RUL prediction data set FD004 curve.

In order to verify the stable prediction accuracy of our proposed method, this paper tests the proposed model on the test set on each sub-data set, and compares the results with the prediction RUL method related to deep learning in recent years. See Table 4 for detailed comparison data.

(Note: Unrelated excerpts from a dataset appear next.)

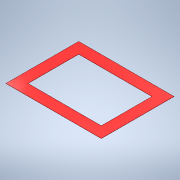
# Autodesk Inventor part: smt_keepout
Saved by Autodesk Inventor 2022 (Build 260153000, 153)
## iProperties
Created: 2022-02-26
Part Number: smt_keepout
Material: Generic
Document SubType Name: Modeling
Designer: Caleb
Density: 1 g/cm^3
Appearance: Light Red
Author: Caleb
Autodesk Inventor part; units mm, degrees
ref_plane "YZ Plane" through (0, 0, 0) normal (1, 0, 0) x (0, 1, 0)
ref_plane "XZ Plane" through (0, 0, 0) normal (0, 1, 0) x (-1, 0, 0)
ref_plane "XY Plane" through (0, 0, 0) normal (0, 0, 1) x (1, 0, 0)
sketch "Sketch1" plane through (0, 0, 0) normal (0, 1, 0) x (-1, 0, 0)
  line L0 (-28.25, -21.55) -> (28.25, -21.55)
  line L1 (28.25, -21.55) -> (28.25, 21.55)
  line L2 (28.25, 21.55) -> (-28.25, 21.55)
  line L3 (-28.25, 21.55) -> (-28.25, -21.55)
  line L4 (-28.25, -21.55) -> (28.25, 21.55) construction
  line L5 (28.25, -21.55) -> (-28.25, 21.55) construction
  point P0 (0, 0)
  dimension "d0" = 43.1
  dimension "d1" = 56.5
  constraints: 12 end point, 2 midpoint, 2 parallel, 1 horizontal, 1 perpendicular
  measures "d0" distance of L0.end L1.end
  measures "d1" distance of L1.end L2.end
extrude "Extrusion1" add sketch "Sketch1" along normal blind 0.1
sketch "Sketch2" plane through (0, 0.1, 0) normal (0, 1, 0) x (1, 0, 0)
  line L0 (21.75, 15.05) -> (-21.75, 15.05)
  line L1 (-21.75, 15.05) -> (-21.75, -15.05)
  line L2 (-21.75, -15.05) -> (21.75, -15.05)
  line L3 (21.75, -15.05) -> (21.75, 15.05)
  line L4 (21.75, 15.05) -> (-21.75, -15.05) construction
  line L5 (-21.75, 15.05) -> (21.75, -15.05) construction
  line L6 (-28.25, -21.55) -> (28.25, -21.55) projected
  line L7 (-28.25, 21.55) -> (-28.25, -21.55) projected
  point P0 (0, 0)
  dimension "d4" = 6.5
  dimension "d5" = 6.5
  constraints: 12 end point, 2 midpoint, 2 parallel, 1 horizontal, 1 perpendicular
  measures "d4" distance between parallel lines of L6 L2
  measures "d5" distance between parallel lines of L7 L1
extrude "Extrusion2" cut sketch "Sketch2" against normal through all
body "Solid1"

As shown in Table 4, the spatio-temporal attention method proposed in this paper is superior to most methods in terms of RMSE and score. In the sub-data sets FD002 and FD004 under six different flight conditions, the spatio-temporal attention method reduces the RMSE to 18.10 and 17.00, and the score to 1339.59 and 2476.906, respectively. This reflects that the proposed spatio-temporal attention method still performs well and has strong robustness in the multi-traffic environment. Compared to the BiGRU-AS method, the spatio-temporal attention takes into account not only the relationship between time series but also the hidden states between sensors in spatial locations, which makes full-use of the data. At the same time, our method actively applies time series weights to the model, which can reduce the effect of data noise. Generally speaking, the spatio-temporal attention method has certain advantages over other methods in the table.

4. Conclusion

In this paper, the proposed attention mechanism model is used to learn the relationship between time series and the relationship between sensors in spatial position, and the RUL of a turbofan engine is predicted by convolution neural network fusion. All in all, this model addresses the problem of relying on human experts for feature selection and improves autonomy. At the same time, the attention mechanism can fill the gap between laboratory results and industrial practice, which can be an excellent parallel computing feature and improve the speed of model prediction in industrial practice. Finally, the proposed method can be fully embedded into the control and optimization integration framework to provide critical information about the system [8]. Through comparative analysis, the spatio-temporal attention mechanism method is superior to other methods in the evaluation indexes of RMSE and score. Especially in the multi-operation environment, the performance of this method is more stable than other methods. Of course, there are still some problems that need to be further explored. First, the potential harm caused by the situation that the predicted value is greater than the real value is relatively large, but at present, there is no good method to balance the relationship between reducing the predicted value and improving the prediction accuracy; second, there are many types of industrial data, but there may be some potential common features between degraded data. How to extract and use these common features to predict RUL and migrate to different scenarios is also a difficult problem; third, there are uncertainties and inaccuracies in available data, and how to eliminate these problems is also a difficulty in current research. At present, fuzzy logic [27] can generate the best fuzzy rule base in the learning process, which is a solution.

Figure 15.

RUL curve of sub-dataset FD002 prediction.

Figure 16.

RUL curve of sub-dataset FD003 prediction.

Data Availability

The data set used in the experiment is the C-MAPSS dataset of NASA. This dataset was generated with the C-MAPSS simulator. C-MAPSS stands for “Commercial Modular Aero-Propulsion System Simulation”,and it is a tool for the simulation of realistic large commercial turbofan engine data. For more information, please visit: https://github.com/uuuuf9/CMAPSSData.

Conflicts of Interest

No conflicts of interest exist in the submission of this manuscript, and the manuscript is approved by all authors for publication. The authors would like to declare on behalf of my co-authors that the work described was original research that has not been published previously and is not under consideration for publication elsewhere, in whole or in part. All the authors listed have approved the manuscript that is enclosed.